# Insurance Phone Replaced W/ Ei20?



## droidroidz

We have about 20 mesmerize at our company and today i just got a replacement for one that was dropped in a river 

It came with EI20 (2.3.5) installed? I have not read much or seen anything on this, whats the deal with EI20? Only thing i can find posted is over at XDA the leak about a month ago for ei20 but it was not even for this phone?

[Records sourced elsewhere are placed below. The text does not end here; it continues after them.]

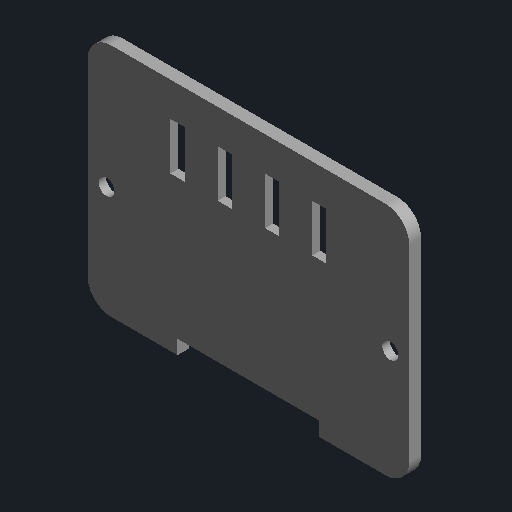
# Autodesk Inventor part: Torso_espalda
Saved by Autodesk Inventor 2027 (Build 310192060, 192F)
## iProperties
Part Number: Torso_espalda
Material: Genérico
Document SubType Name: Modelado
Designer: rodri
Appearance: Por defecto
Author: rodri
Autodesk Inventor part; units mm, degrees
ref_plane "Plano de trabajo1" through (0, 0, -29.2) normal (0, 0, 1) x (1, 0, 0)
sketch "Boceto1" plane through (0, 0, -29.2) normal (0, 0, 1) x (1, 0, 0)
  line L0 (-34, 8) -> (34, 8)
  line L1 (34, 8) -> (34, 57.7)
  line L2 (34, 57.7) -> (-34, 57.7)
  line L3 (-34, 57.7) -> (-34, 8)
  constraints: 8 end point, 2 parallel, 1 horizontal, 1 perpendicular
extrude "Extrusión1" add sketch "Boceto1" along normal blind 2.5
fillet "Empalme1" radius 5 4 edges at (-34, 8, -27.95) (-34, 57.7, -27.95) (34, 57.7, -27.95) (34, 8, -27.95)
ref_plane "Plano de trabajo2" through (0, 0, -29.3) normal (0, 0, 1) x (1, 0, 0)
sketch "Boceto2" plane through (0, 0, -29.3) normal (0, 0, 1) x (1, 0, 0)
  circle A0 centre (30, 31.3) radius 1.7
  circle A1 centre (-30, 31.3) radius 1.7
  constraints: 2 centre point
extrude "Extrusión2" cut sketch "Boceto2" along normal blind 2.7
ref_plane "Plano de trabajo3" through (0, 0, -29.3) normal (0, 0, 1) x (1, 0, 0)
sketch "Boceto3" plane through (0, 0, -29.3) normal (0, 0, 1) x (1, 0, 0)
  circle A0 centre (30, 31.3) radius 2.9
  circle A1 centre (-30, 31.3) radius 2.9
  constraints: 2 centre point
extrude "Extrusión3" cut sketch "Boceto3" along normal blind 1
ref_plane "Plano de trabajo4" through (0, 0, -29.3) normal (0, 0, 1) x (1, 0, 0)
sketch "Boceto4" plane through (0, 0, -29.3) normal (0, 0, 1) x (1, 0, 0)
  line L0 (-22, 38) -> (22, 38)
  line L1 (22, 38) -> (22, 53)
  line L2 (22, 53) -> (-22, 53)
  line L3 (-22, 53) -> (-22, 38)
  constraints: 8 end point, 2 parallel, 1 horizontal, 1 perpendicular
extrude "Extrusión4" cut sketch "Boceto4" along normal blind 0.9
ref_plane "Plano de trabajo5" through (0, 0, -29.3) normal (0, 0, 1) x (1, 0, 0)
sketch "Boceto5" plane through (0, 0, -29.3) normal (0, 0, 1) x (1, 0, 0)
  line L0 (-22, 14) -> (22, 14)
  line L1 (22, 14) -> (22, 26)
  line L2 (22, 26) -> (-22, 26)
  line L3 (-22, 26) -> (-22, 14)
  constraints: 8 end point, 2 parallel, 1 horizontal, 1 perpendicular
extrude "Extrusión5" cut sketch "Boceto5" along normal blind 0.9
ref_plane "Plano de trabajo6" through (0, 0, -29.3) normal (0, 0, 1) x (1, 0, 0)
sketch "Boceto6" plane through (0, 0, -29.3) normal (0, 0, 1) x (1, 0, 0)
  line L0 (-16.5, 40.5) -> (-13.5, 40.5)
  line L1 (-13.5, 40.5) -> (-13.5, 50.5)
  line L2 (-13.5, 50.5) -> (-16.5, 50.5)
  line L3 (-16.5, 50.5) -> (-16.5, 40.5)
  constraints: 8 end point, 2 parallel, 1 horizontal, 1 perpendicular
extrude "Extrusión6" cut sketch "Boceto6" along normal blind 2.7
ref_plane "Plano de trabajo7" through (0, 0, -29.3) normal (0, 0, 1) x (1, 0, 0)
sketch "Boceto7" plane through (0, 0, -29.3) normal (0, 0, 1) x (1, 0, 0)
  line L0 (-6.5, 40.5) -> (-3.5, 40.5)
  line L1 (-3.5, 40.5) -> (-3.5, 50.5)
  line L2 (-3.5, 50.5) -> (-6.5, 50.5)
  line L3 (-6.5, 50.5) -> (-6.5, 40.5)
  constraints: 8 end point, 2 parallel, 1 horizontal, 1 perpendicular
extrude "Extrusión7" cut sketch "Boceto7" along normal blind 2.7
ref_plane "Plano de trabajo8" through (0, 0, -29.3) normal (0, 0, 1) x (1, 0, 0)
sketch "Boceto8" plane through (0, 0, -29.3) normal (0, 0, 1) x (1, 0, 0)
  line L0 (3.5, 40.5) -> (6.5, 40.5)
  line L1 (6.5, 40.5) -> (6.5, 50.5)
  line L2 (6.5, 50.5) -> (3.5, 50.5)
  line L3 (3.5, 50.5) -> (3.5, 40.5)
  constraints: 8 end point, 2 parallel, 1 horizontal, 1 perpendicular
extrude "Extrusión8" cut sketch "Boceto8" along normal blind 2.7
ref_plane "Plano de trabajo9" through (0, 0, -29.3) normal (0, 0, 1) x (1, 0, 0)
sketch "Boceto9" plane through (0, 0, -29.3) normal (0, 0, 1) x (1, 0, 0)
  line L0 (13.5, 40.5) -> (16.5, 40.5)
  line L1 (16.5, 40.5) -> (16.5, 50.5)
  line L2 (16.5, 50.5) -> (13.5, 50.5)
  line L3 (13.5, 50.5) -> (13.5, 40.5)
  constraints: 8 end point, 2 parallel, 1 horizontal, 1 perpendicular
extrude "Extrusión9" cut sketch "Boceto9" along normal blind 2.7
ref_plane "Plano de trabajo10" through (0, 0, -29.3) normal (0, 0, 1) x (1, 0, 0)
sketch "Boceto10" plane through (0, 0, -29.3) normal (0, 0, 1) x (1, 0, 0)
  line L0 (-15, 7.9) -> (15, 7.9)
  line L1 (15, 7.9) -> (15, 11)
  line L2 (15, 11) -> (-15, 11)
  line L3 (-15, 11) -> (-15, 7.9)
  constraints: 8 end point, 2 parallel, 1 horizontal, 1 perpendicular
extrude "Extrusión10" cut sketch "Boceto10" along normal blind 2.7
ref_plane "Plano de trabajo11" through (0, 0, -29.9) normal (0, 0, 1) x (1, 0, 0)
sketch "Boceto11" plane through (0, 0, -29.9) normal (0, 0, 1) x (1, 0, 0)
  circle A0 centre (29, 12) radius 1.2
  circle A1 centre (29, 54) radius 1.2
  circle A2 centre (-29, 12) radius 1.2
  circle A3 centre (-29, 54) radius 1.2
  constraints: 4 centre point
extrude "Extrusión11" add sketch "Boceto11" along normal blind 0.71
ref_plane "Plano de trabajo12" through (0, 0, 0) normal (0, 1, 0) x (0, 0, 1)
ref_plane "Plano de trabajo13" through (0, 0, 0) normal (1, 0, 0) x (0, 0, -1)

http://www.uscellula...androidupgrades

Has nothing listed and still has EH09 as the latest??

Anyone know?

EDIT:

Odd thing is the normal drivers wont recognize it on my PC? And adb devices shows nothing either. I just checked the samsung website and they have nothing new up for drivers....


----------



## mcgleevn

In the mes development section here at rootzwiki, there is a ei20 rom that has been out for a few weeks and I've been running it for just as long... Everything has been working fine for me including the USB drivers. Maybe try updating the drivers on your computer.


----------



## mezster

Is it rooted? What is the boot animation like?


----------



## droidroidz

nope not rooted. it looks the same as eh09. boot animation is same as well. isn't ei20 a showcase version? this is a us cellular replacement phone.....phone looks brand new tho. i have the latest drivers for the mesmerize...in fact i had just upgraded a phone from ee19 to eh09 before this one landed in my lap.


----------



## mcgleevn

to clarify, I am a mesmerize user (in a mesmerize forum) using ei20. obviously the factory phone wouldnt have my custom ROM on it, so I dunno what to tell you other than ei20 is working on my us cellular mesmerize.


----------



## bru_1

EI20= Android 2.3.5
Whereas, 
EH09= Android 2.3.4

I would suspect at some point we'll see it officially released, but I doubt its anything worth fussing over.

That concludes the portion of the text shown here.